Thursday, September 29, 2016

My Introduction

My name in Eric Richardson and I finally decided to get off my duff, or maybe on my duff since I am sitting here writing this post. My good friend Rob Rucker who was my professor at Arizona State University when I got my Masters Degree has encouraged me to write for a long time but being motivated enough to actually do it is something I have lacked. My brain is not devoid of thoughts and ideas and I'm hoping some of this internal noise may be of interest to others once externalized.

I recently moved from Manhattan Beach, California where I lived with my wife and three beagles for 10 years to Traverse City, Michigan. I lived in TC from Junior High up through college where I graduated from Michigan Technological University with a degree in Metallurgical Engineering. Here in Michigan there are four seasons whereas in Southern California there was essentially one, sunny and mild. The Los Angeles area can be quite taxing with so many people, traffic, and one season leading to no down time. I spent a ton of time there riding and racing my bicycle which I really enjoyed but it was basically a part time job riding 10-12 hours a week, 8000 miles a year just to be marginally competitive. Seth Davidson has a very popular blog there entitled "Cycling in the South Bay" which is a very entertaining read. I miss riding with Seth and the other cycling nuts in the area.

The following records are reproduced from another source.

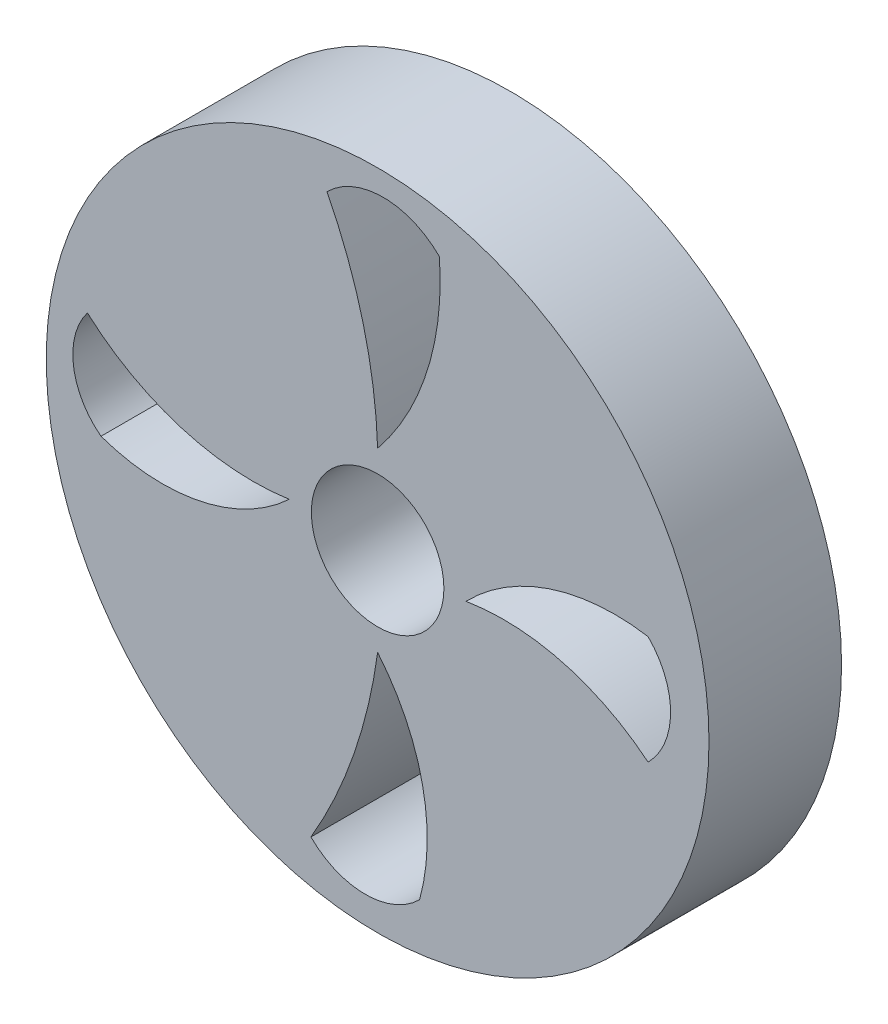
ISO-10303-21;
HEADER;
FILE_DESCRIPTION(('STEP AP214'),'2;1');
FILE_NAME('part.step','',(''),(''),'','','');
FILE_SCHEMA(('AUTOMOTIVE_DESIGN { 1 0 10303 214 1 1 1 1 }'));
ENDSEC;
DATA;
#1=APPLICATION_CONTEXT('core data for automotive mechanical design processes');
#2=APPLICATION_PROTOCOL_DEFINITION('international standard','automotive_design',2000,#1);
#3=PRODUCT_CONTEXT('',#1,'mechanical');
#4=PRODUCT('Part','Part','',(#3));
#5=PRODUCT_RELATED_PRODUCT_CATEGORY('part','',(#4));
#6=PRODUCT_DEFINITION_FORMATION('','',#4);
#7=PRODUCT_DEFINITION_CONTEXT('part definition',#1,'design');
#8=PRODUCT_DEFINITION('design','',#6,#7);
#9=PRODUCT_DEFINITION_SHAPE('','',#8);
#10=(LENGTH_UNIT() NAMED_UNIT(*) SI_UNIT(.MILLI.,.METRE.));
#11=(NAMED_UNIT(*) PLANE_ANGLE_UNIT() SI_UNIT($,.RADIAN.));
#12=(NAMED_UNIT(*) SI_UNIT($,.STERADIAN.) SOLID_ANGLE_UNIT());
#13=UNCERTAINTY_MEASURE_WITH_UNIT(LENGTH_MEASURE(1.E-05),#10,'distance_accuracy_value','');
#14=(GEOMETRIC_REPRESENTATION_CONTEXT(3) GLOBAL_UNCERTAINTY_ASSIGNED_CONTEXT((#13)) GLOBAL_UNIT_ASSIGNED_CONTEXT((#10,
#11,#12)) REPRESENTATION_CONTEXT('',''));
#15=CARTESIAN_POINT('',(0.,0.,0.));
#16=DIRECTION('',(0.,0.,1.));
#17=DIRECTION('',(1.,0.,0.));
#18=AXIS2_PLACEMENT_3D('',#15,#16,#17);
#19=CARTESIAN_POINT('',(0.,0.,30.));
#20=DIRECTION('',(0.,0.,1.));
#21=DIRECTION('',(1.,0.,0.));
#22=AXIS2_PLACEMENT_3D('',#19,#20,#21);
#23=PLANE('',#22);
#24=CARTESIAN_POINT('',(-106.126669455421,16.4687254610501,30.));
#25=DIRECTION('',(0.,0.,-1.));
#26=DIRECTION('',(1.,0.,0.));
#27=AXIS2_PLACEMENT_3D('',#24,#25,#26);
#28=CIRCLE('',#27,106.185403279215);
#29=CARTESIAN_POINT('',(-11.4602468320541,64.5687077610854,30.));
#30=VERTEX_POINT('',#29);
#31=CARTESIAN_POINT('',(0.,20.,30.));
#32=VERTEX_POINT('',#31);
#33=EDGE_CURVE('E51',#30,#32,#28,.T.);
#34=ORIENTED_EDGE('',*,*,#33,.F.);
#35=CARTESIAN_POINT('',(1.25783196937179,51.8506289596594,30.));
#36=DIRECTION('',(0.,0.,1.));
#37=DIRECTION('',(-1.,0.,0.));
#38=AXIS2_PLACEMENT_3D('',#35,#36,#37);
#39=CIRCLE('',#38,17.9860795283063);
#40=CARTESIAN_POINT('',(13.9759107707977,64.5687077610854,30.));
#41=VERTEX_POINT('',#40);
#42=EDGE_CURVE('E143',#41,#30,#39,.T.);
#43=ORIENTED_EDGE('',*,*,#42,.F.);
#44=CARTESIAN_POINT('',(-48.9227364039404,59.8168980990145,30.));
#45=DIRECTION('',(0.,0.,1.));
#46=DIRECTION('',(1.,0.,0.));
#47=AXIS2_PLACEMENT_3D('',#44,#45,#46);
#48=CIRCLE('',#47,63.0778844879625);
#49=EDGE_CURVE('E146',#32,#41,#48,.T.);
#50=ORIENTED_EDGE('',*,*,#49,.F.);
#51=EDGE_LOOP('',(#34,#43,#50));
#52=FACE_BOUND('',#51,.T.);
#53=CARTESIAN_POINT('',(-28.187497756684,55.7355617112716,30.));
#54=DIRECTION('',(0.,0.,-1.));
#55=DIRECTION('',(-1.,0.,0.));
#56=AXIS2_PLACEMENT_3D('',#53,#54,#55);
#57=CIRCLE('',#56,56.3337195539818);
#58=CARTESIAN_POINT('',(-20.,0.,30.));
#59=VERTEX_POINT('',#58);
#60=CARTESIAN_POINT('',(-65.6867806227491,13.6963925553818,30.));
#61=VERTEX_POINT('',#60);
#62=EDGE_CURVE('E59',#59,#61,#57,.T.);
#63=ORIENTED_EDGE('',*,*,#62,.F.);
#64=CARTESIAN_POINT('',(-48.6879422626072,30.6951624182342,30.));
#65=DIRECTION('',(0.,0.,1.));
#66=DIRECTION('',(-1.,0.,0.));
#67=AXIS2_PLACEMENT_3D('',#64,#65,#66);
#68=CIRCLE('',#67,42.0141765020387);
#69=CARTESIAN_POINT('',(-62.6120802531736,-8.94458289331041,30.));
#70=VERTEX_POINT('',#69);
#71=EDGE_CURVE('E164',#70,#59,#68,.T.);
#72=ORIENTED_EDGE('',*,*,#71,.F.);
#73=CARTESIAN_POINT('',(-52.8289427136153,3.91325501582344,30.));
#74=DIRECTION('',(0.,0.,1.));
#75=DIRECTION('',(1.,0.,0.));
#76=AXIS2_PLACEMENT_3D('',#73,#74,#75);
#77=CIRCLE('',#76,16.1565397228328);
#78=EDGE_CURVE('E167',#61,#70,#77,.T.);
#79=ORIENTED_EDGE('',*,*,#78,.F.);
#80=EDGE_LOOP('',(#63,#72,#79));
#81=FACE_BOUND('',#80,.T.);
#82=CARTESIAN_POINT('',(53.7070275288195,-32.5710055331906,30.));
#83=DIRECTION('',(0.,0.,1.));
#84=DIRECTION('',(-1.,0.,0.));
#85=AXIS2_PLACEMENT_3D('',#82,#83,#84);
#86=CIRCLE('',#85,46.8725304018434);
#87=CARTESIAN_POINT('',(61.2144891760938,13.6963925553818,30.));
#88=VERTEX_POINT('',#87);
#89=CARTESIAN_POINT('',(20.,0.,30.));
#90=VERTEX_POINT('',#89);
#91=EDGE_CURVE('E163',#88,#90,#86,.T.);
#92=ORIENTED_EDGE('',*,*,#91,.F.);
#93=CARTESIAN_POINT('',(48.9156876977919,1.39759107707988,30.));
#94=DIRECTION('',(0.,0.,1.));
#95=DIRECTION('',(-1.,0.,0.));
#96=AXIS2_PLACEMENT_3D('',#93,#94,#95);
#97=CIRCLE('',#96,17.3931318515489);
#98=CARTESIAN_POINT('',(61.2144891760938,-10.9012104012221,30.));
#99=VERTEX_POINT('',#98);
#100=EDGE_CURVE('E188',#99,#88,#97,.T.);
#101=ORIENTED_EDGE('',*,*,#100,.F.);
#102=CARTESIAN_POINT('',(28.5654745935392,-50.9772376417217,30.));
#103=DIRECTION('',(0.,0.,-1.));
#104=DIRECTION('',(-1.,0.,0.));
#105=AXIS2_PLACEMENT_3D('',#102,#103,#104);
#106=CIRCLE('',#105,51.6918379688044);
#107=EDGE_CURVE('E191',#90,#99,#106,.T.);
#108=ORIENTED_EDGE('',*,*,#107,.F.);
#109=EDGE_LOOP('',(#92,#101,#108));
#110=FACE_BOUND('',#109,.T.);
#111=CARTESIAN_POINT('',(-116.539732142312,-4.24493298694466,30.));
#112=DIRECTION('',(0.,0.,-1.));
#113=DIRECTION('',(-1.,0.,0.));
#114=AXIS2_PLACEMENT_3D('',#111,#112,#113);
#115=CIRCLE('',#114,117.599877994782);
#116=CARTESIAN_POINT('',(0.,-20.,30.));
#117=VERTEX_POINT('',#116);
#118=CARTESIAN_POINT('',(-15.0939836324615,-63.7301531148373,30.));
#119=VERTEX_POINT('',#118);
#120=EDGE_CURVE('E187',#117,#119,#115,.T.);
#121=ORIENTED_EDGE('',*,*,#120,.F.);
#122=CARTESIAN_POINT('',(-37.074652396603,-50.9549777987307,30.));
#123=DIRECTION('',(0.,0.,1.));
#124=DIRECTION('',(-1.,0.,0.));
#125=AXIS2_PLACEMENT_3D('',#122,#123,#124);
#126=CIRCLE('',#125,48.2984523649449);
#127=CARTESIAN_POINT('',(9.50361932414243,-63.7301531148373,30.));
#128=VERTEX_POINT('',#127);
#129=EDGE_CURVE('E211',#128,#117,#126,.T.);
#130=ORIENTED_EDGE('',*,*,#129,.F.);
#131=CARTESIAN_POINT('',(-2.79518215415954,-51.4313516365353,30.));
#132=DIRECTION('',(0.,0.,1.));
#133=DIRECTION('',(1.,0.,0.));
#134=AXIS2_PLACEMENT_3D('',#131,#132,#133);
#135=CIRCLE('',#134,17.3931318515489);
#136=EDGE_CURVE('E214',#119,#128,#135,.T.);
#137=ORIENTED_EDGE('',*,*,#136,.F.);
#138=EDGE_LOOP('',(#121,#130,#137));
#139=FACE_BOUND('',#138,.T.);
#140=CARTESIAN_POINT('',(0.,0.,30.));
#141=DIRECTION('',(0.,0.,1.));
#142=DIRECTION('',(1.,0.,0.));
#143=AXIS2_PLACEMENT_3D('',#140,#141,#142);
#144=CIRCLE('',#143,75.);
#145=CARTESIAN_POINT('',(75.,0.,30.));
#146=VERTEX_POINT('',#145);
#147=EDGE_CURVE('E11',#146,#146,#144,.T.);
#148=ORIENTED_EDGE('',*,*,#147,.T.);
#149=EDGE_LOOP('',(#148));
#150=FACE_BOUND('',#149,.T.);
#151=CARTESIAN_POINT('',(0.,0.,30.));
#152=DIRECTION('',(0.,0.,1.));
#153=DIRECTION('',(1.,0.,0.));
#154=AXIS2_PLACEMENT_3D('',#151,#152,#153);
#155=CIRCLE('',#154,15.);
#156=CARTESIAN_POINT('',(15.,0.,30.));
#157=VERTEX_POINT('',#156);
#158=EDGE_CURVE('E226',#157,#157,#155,.T.);
#159=ORIENTED_EDGE('',*,*,#158,.F.);
#160=EDGE_LOOP('',(#159));
#161=FACE_BOUND('',#160,.T.);
#162=ADVANCED_FACE('F36',(#52,#81,#110,#139,#150,#161),#23,.T.);
#163=CARTESIAN_POINT('',(0.,0.,0.));
#164=DIRECTION('',(0.,0.,1.));
#165=DIRECTION('',(1.,0.,0.));
#166=AXIS2_PLACEMENT_3D('',#163,#164,#165);
#167=PLANE('',#166);
#168=CARTESIAN_POINT('',(1.25783196937179,51.8506289596594,0.));
#169=DIRECTION('',(0.,0.,1.));
#170=DIRECTION('',(-1.,0.,0.));
#171=AXIS2_PLACEMENT_3D('',#168,#169,#170);
#172=CIRCLE('',#171,17.9860795283063);
#173=CARTESIAN_POINT('',(13.9759107707977,64.5687077610854,0.));
#174=VERTEX_POINT('',#173);
#175=CARTESIAN_POINT('',(-11.4602468320541,64.5687077610854,0.));
#176=VERTEX_POINT('',#175);
#177=EDGE_CURVE('E133',#174,#176,#172,.T.);
#178=ORIENTED_EDGE('',*,*,#177,.T.);
#179=CARTESIAN_POINT('',(-106.126669455421,16.4687254610501,0.));
#180=DIRECTION('',(0.,0.,-1.));
#181=DIRECTION('',(1.,0.,0.));
#182=AXIS2_PLACEMENT_3D('',#179,#180,#181);
#183=CIRCLE('',#182,106.185403279215);
#184=CARTESIAN_POINT('',(0.,20.,0.));
#185=VERTEX_POINT('',#184);
#186=EDGE_CURVE('E127',#176,#185,#183,.T.);
#187=ORIENTED_EDGE('',*,*,#186,.T.);
#188=CARTESIAN_POINT('',(-48.9227364039404,59.8168980990145,0.));
#189=DIRECTION('',(0.,0.,1.));
#190=DIRECTION('',(1.,0.,0.));
#191=AXIS2_PLACEMENT_3D('',#188,#189,#190);
#192=CIRCLE('',#191,63.0778844879625);
#193=EDGE_CURVE('E137',#185,#174,#192,.T.);
#194=ORIENTED_EDGE('',*,*,#193,.T.);
#195=EDGE_LOOP('',(#178,#187,#194));
#196=FACE_BOUND('',#195,.T.);
#197=CARTESIAN_POINT('',(-48.6879422626072,30.6951624182342,0.));
#198=DIRECTION('',(0.,0.,1.));
#199=DIRECTION('',(-1.,0.,0.));
#200=AXIS2_PLACEMENT_3D('',#197,#198,#199);
#201=CIRCLE('',#200,42.0141765020387);
#202=CARTESIAN_POINT('',(-62.6120802531736,-8.94458289331042,0.));
#203=VERTEX_POINT('',#202);
#204=CARTESIAN_POINT('',(-20.,0.,0.));
#205=VERTEX_POINT('',#204);
#206=EDGE_CURVE('E158',#203,#205,#201,.T.);
#207=ORIENTED_EDGE('',*,*,#206,.T.);
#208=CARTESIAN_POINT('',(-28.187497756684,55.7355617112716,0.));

On the work side of things, I have worked with Java since its very first "production" version, 1.0.2 in early 1996. It was really fun to see the new features come out over the years and play with them when they were brand new. After so many years doing Java I needed something new. I started playing with Scala in 2011 and went to Scala Days at Stanford with Rob when 2.8 was still the main version and 2.9 was just brand new. This year I got to do Scala full time on a Spark project. I had been wanting to work with Scala full time for quite a while so this was nice to put all my studying and playing around to good use. I really like Scala and the language and libraries are continuing to improve so it is a pretty exciting time for computing using Scala.